I’m a statistician – I wasn’t sure how much explanation to put in here.
Ideally, we’d have approval ratings and re-elect/someone-new numbers for all GOP incumbents, because in all likelihood, Mike Castle (DE-AL) probably scores pretty well there. Many of us Delaware progressives complain about Delaware’s culture of incumbency and how Castle is a spineless phony whose “moderate” image is largely a product of spin and the local media love-fest for him. Delaware seems to prefer aristocracy to “partisan politics” (AKA taking a real stand on anything).

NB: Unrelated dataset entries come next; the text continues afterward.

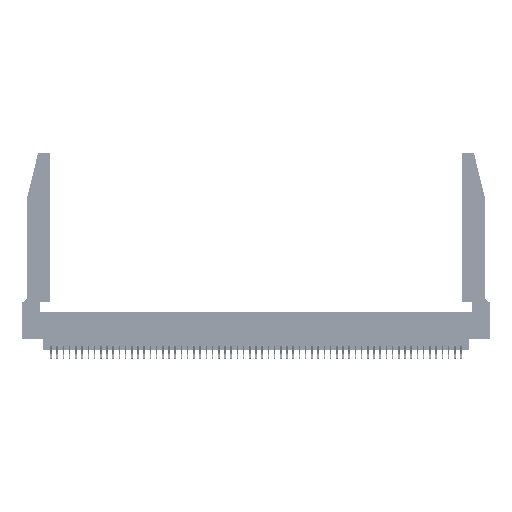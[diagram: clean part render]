
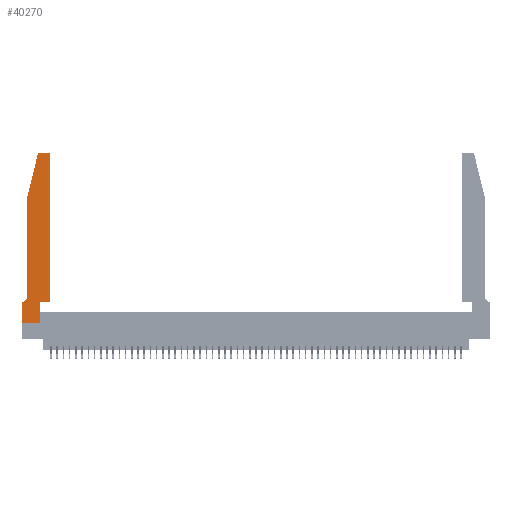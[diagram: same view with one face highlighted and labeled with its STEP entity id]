
A CAD part, top view. The second image highlights one B-rep face of the part: STEP entity #40270.
In plain terms, the highlighted planar face has unit normal (0, 0, 1).
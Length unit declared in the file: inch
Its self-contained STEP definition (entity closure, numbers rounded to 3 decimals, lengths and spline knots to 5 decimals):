
#338 = VERTEX_POINT ( 'NONE', #2395 ) ;
#1376 = VECTOR ( 'NONE', #31445, 39.37008 ) ;
#1518 = VECTOR ( 'NONE', #30849, 39.37008 ) ;
#2395 = CARTESIAN_POINT ( 'NONE',  ( 0.4505, 0.35, 0.37 ) ) ;
#2459 = CARTESIAN_POINT ( 'NONE',  ( 0.0755, 2., 0.37 ) ) ;
#3814 = CARTESIAN_POINT ( 'NONE',  ( 0., 0.35, 0.37 ) ) ;
#4050 = LINE ( 'NONE', #10357, #1376 ) ;
#4685 = ORIENTED_EDGE ( 'NONE', *, *, #5123, .T. ) ;
#4951 = ORIENTED_EDGE ( 'NONE', *, *, #34903, .T. ) ;
#5123 = EDGE_CURVE ( 'NONE', #10707, #40409, #28830, .T. ) ;
#5492 = ORIENTED_EDGE ( 'NONE', *, *, #20600, .T. ) ;
#5719 = LINE ( 'NONE', #21704, #30648 ) ;
#6851 = DIRECTION ( 'NONE',  ( -0.239, -0.971, 0. ) ) ;
#7453 = AXIS2_PLACEMENT_3D ( 'NONE', #46304, #45755, #8167 ) ;
#8118 = CARTESIAN_POINT ( 'NONE',  ( 0.2605, 2.75, 0.37 ) ) ;
#8167 = DIRECTION ( 'NONE',  ( 1., 0., 0. ) ) ;
#8194 = DIRECTION ( 'NONE',  ( 1., 0., 0. ) ) ;
#8764 = CARTESIAN_POINT ( 'NONE',  ( 0., 0., 0.37 ) ) ;
#10214 = EDGE_CURVE ( 'NONE', #25982, #10707, #45910, .T. ) ;
#10357 = CARTESIAN_POINT ( 'NONE',  ( 0.0755, 2., 0.37 ) ) ;
#10429 = VECTOR ( 'NONE', #16130, 39.37008 ) ;
#10707 = VERTEX_POINT ( 'NONE', #42078 ) ;
#10987 = DIRECTION ( 'NONE',  ( 0., 1., 0. ) ) ;
#11839 = AXIS2_PLACEMENT_3D ( 'NONE', #29452, #33511, #24470 ) ;
#14672 = EDGE_CURVE ( 'NONE', #30552, #43361, #20446, .T. ) ;
#15259 = LINE ( 'NONE', #2459, #54013 ) ;
#15288 = AXIS2_PLACEMENT_3D ( 'NONE', #3814, #16788, #46155 ) ;
#16101 = VECTOR ( 'NONE', #10987, 39.37008 ) ;
#16130 = DIRECTION ( 'NONE',  ( 1., 0., 0. ) ) ;
#16504 = CARTESIAN_POINT ( 'NONE',  ( 0.2865, 0.35, 0.37 ) ) ;
#16788 = DIRECTION ( 'NONE',  ( 0., 0., 1. ) ) ;
#16800 = EDGE_CURVE ( 'NONE', #43361, #38444, #5719, .T. ) ;
#17100 = ORIENTED_EDGE ( 'NONE', *, *, #10214, .T. ) ;
#17262 = CARTESIAN_POINT ( 'NONE',  ( 0.2865, 0.35, 0.37 ) ) ;
#17344 = CARTESIAN_POINT ( 'NONE',  ( 0.0055, 0.35, 0.37 ) ) ;
#17785 = EDGE_CURVE ( 'NONE', #338, #25982, #27908, .T. ) ;
#17829 = CARTESIAN_POINT ( 'NONE',  ( 0.25487, 2.72718, 0.37 ) ) ;
#17994 = ORIENTED_EDGE ( 'NONE', *, *, #32229, .T. ) ;
#18030 = DIRECTION ( 'NONE',  ( 0., -1., 0. ) ) ;
#18380 = CARTESIAN_POINT ( 'NONE',  ( 0.0755, 0.35, 0.37 ) ) ;
#19151 = VERTEX_POINT ( 'NONE', #26844 ) ;
#19283 = CARTESIAN_POINT ( 'NONE',  ( 0., 0.35, 0.37 ) ) ;
#19577 = CIRCLE ( 'NONE', #28259, 0.07 ) ;
#20446 = LINE ( 'NONE', #18380, #1518 ) ;
#20600 = EDGE_CURVE ( 'NONE', #19151, #40053, #4050, .T. ) ;
#21562 = CARTESIAN_POINT ( 'NONE',  ( 0.284, 2.75, 0.37 ) ) ;
#21593 = ORIENTED_EDGE ( 'NONE', *, *, #39557, .T. ) ;
#21704 = CARTESIAN_POINT ( 'NONE',  ( 0., 0., 0.37 ) ) ;
#24470 = DIRECTION ( 'NONE',  ( 1., 0., 0. ) ) ;
#25472 = DIRECTION ( 'NONE',  ( -1., 0., 0. ) ) ;
#25474 = DIRECTION ( 'NONE',  ( 0., 1., 0. ) ) ;
#25727 = ORIENTED_EDGE ( 'NONE', *, *, #14672, .T. ) ;
#25738 = ORIENTED_EDGE ( 'NONE', *, *, #16800, .T. ) ;
#25742 = LINE ( 'NONE', #17262, #29068 ) ;
#25928 = VERTEX_POINT ( 'NONE', #30313 ) ;
#25982 = VERTEX_POINT ( 'NONE', #29203 ) ;
#26289 = ORIENTED_EDGE ( 'NONE', *, *, #51121, .T. ) ;
#26844 = CARTESIAN_POINT ( 'NONE',  ( 0.0755, 2., 0.37 ) ) ;
#27514 = VECTOR ( 'NONE', #25472, 39.37008 ) ;
#27765 = LINE ( 'NONE', #50558, #39614 ) ;
#27908 = LINE ( 'NONE', #27980, #16101 ) ;
#27980 = CARTESIAN_POINT ( 'NONE',  ( 0.4505, 0.35, 0.37 ) ) ;
#28077 = VERTEX_POINT ( 'NONE', #17829 ) ;
#28259 = AXIS2_PLACEMENT_3D ( 'NONE', #52638, #44346, #31705 ) ;
#28830 = LINE ( 'NONE', #8118, #27514 ) ;
#29068 = VECTOR ( 'NONE', #25474, 39.37008 ) ;
#29203 = CARTESIAN_POINT ( 'NONE',  ( 0.4505, 2.72, 0.37 ) ) ;
#29452 = CARTESIAN_POINT ( 'NONE',  ( 0.4205, 2.72, 0.37 ) ) ;
#30102 = LINE ( 'NONE', #37060, #10429 ) ;
#30313 = CARTESIAN_POINT ( 'NONE',  ( 0.2865, 0., 0.37 ) ) ;
#30552 = VERTEX_POINT ( 'NONE', #17344 ) ;
#30648 = VECTOR ( 'NONE', #18030, 39.37008 ) ;
#30849 = DIRECTION ( 'NONE',  ( -1., 0., 0. ) ) ;
#31244 = EDGE_LOOP ( 'NONE', ( #4685, #4951, #17994, #5492, #40403, #25727, #25738, #21593, #38314, #26289, #50966, #17100 ) ) ;
#31445 = DIRECTION ( 'NONE',  ( 0., -1., 0. ) ) ;
#31705 = DIRECTION ( 'NONE',  ( -1., 0., 0. ) ) ;
#32229 = EDGE_CURVE ( 'NONE', #28077, #19151, #15259, .T. ) ;
#33511 = DIRECTION ( 'NONE',  ( 0., 0., 1. ) ) ;
#34903 = EDGE_CURVE ( 'NONE', #40409, #28077, #52403, .T. ) ;
#37060 = CARTESIAN_POINT ( 'NONE',  ( 0., 0., 0.37 ) ) ;
#37169 = EDGE_CURVE ( 'NONE', #25928, #43586, #25742, .T. ) ;
#38314 = ORIENTED_EDGE ( 'NONE', *, *, #37169, .T. ) ;
#38444 = VERTEX_POINT ( 'NONE', #8764 ) ;
#39557 = EDGE_CURVE ( 'NONE', #38444, #25928, #30102, .T. ) ;
#39614 = VECTOR ( 'NONE', #8194, 39.37008 ) ;
#39970 = EDGE_CURVE ( 'NONE', #40053, #30552, #19577, .T. ) ;
#40053 = VERTEX_POINT ( 'NONE', #53342 ) ;
#40270 = ADVANCED_FACE ( 'NONE', ( #40516 ), #41375, .T. ) ;
#40403 = ORIENTED_EDGE ( 'NONE', *, *, #39970, .T. ) ;
#40409 = VERTEX_POINT ( 'NONE', #21562 ) ;
#40516 = FACE_OUTER_BOUND ( 'NONE', #31244, .T. ) ;
#41375 = PLANE ( 'NONE',  #15288 ) ;
#42078 = CARTESIAN_POINT ( 'NONE',  ( 0.4205, 2.75, 0.37 ) ) ;
#43361 = VERTEX_POINT ( 'NONE', #19283 ) ;
#43586 = VERTEX_POINT ( 'NONE', #16504 ) ;
#44346 = DIRECTION ( 'NONE',  ( 0., 0., -1. ) ) ;
#45755 = DIRECTION ( 'NONE',  ( 0., 0., 1. ) ) ;
#45910 = CIRCLE ( 'NONE', #11839, 0.03 ) ;
#46155 = DIRECTION ( 'NONE',  ( 1., 0., 0. ) ) ;
#46304 = CARTESIAN_POINT ( 'NONE',  ( 0.284, 2.72, 0.37 ) ) ;
#50558 = CARTESIAN_POINT ( 'NONE',  ( 0.4505, 0.35, 0.37 ) ) ;
#50966 = ORIENTED_EDGE ( 'NONE', *, *, #17785, .T. ) ;
#51121 = EDGE_CURVE ( 'NONE', #43586, #338, #27765, .T. ) ;
#52403 = CIRCLE ( 'NONE', #7453, 0.03 ) ;
#52638 = CARTESIAN_POINT ( 'NONE',  ( 0.0055, 0.42, 0.37 ) ) ;
#53342 = CARTESIAN_POINT ( 'NONE',  ( 0.0755, 0.42, 0.37 ) ) ;
#54013 = VECTOR ( 'NONE', #6851, 39.37008 ) ;

I’m behind Northington 100% – but I’m not very optimistic. I think we’d need someone with higher profile to compete here.
What’s the source of your demographic inputs to the models? I’m a resident of OH-12, and it is one of the only districts in Ohio with a population increase since the last redistricting. That increase has come almost entirely in the very white, very suburban (and overwhelmingly GOP) Delaware County portion of the district. If you’re using 2000 Census numbers as estimates, you’ll be over-weighting Dem-friendly demographic characteristics. If you’re using more recent estimates broken down by house district… are they publicly available?
Are a great way to predict retirements or vacancies. The seven GOP House members who have missed the most votes this session will not be returning: Charlie Norwood, JoAnn Davis, Barbara Cubin, Bobby Jindal, Duncan Hunter, Ton Tancredo, and Denny Hastert. Number 8 on the list is Ron Paul who may or may not be back (missed 25.6% of his votes). Number 9 is the retiting Ray LaHood. The next four on this list are Don Young (AK, missed 17.8%), Cathy McMorris Rogers (WA-5, 16.6%, gave birth), Steve Buyer (IN-4, bad knee, 16.0%), and Sam Johnson (15.3%). Bet Johnson and Young ride into the sunset. Buyer, too, if we are lucky.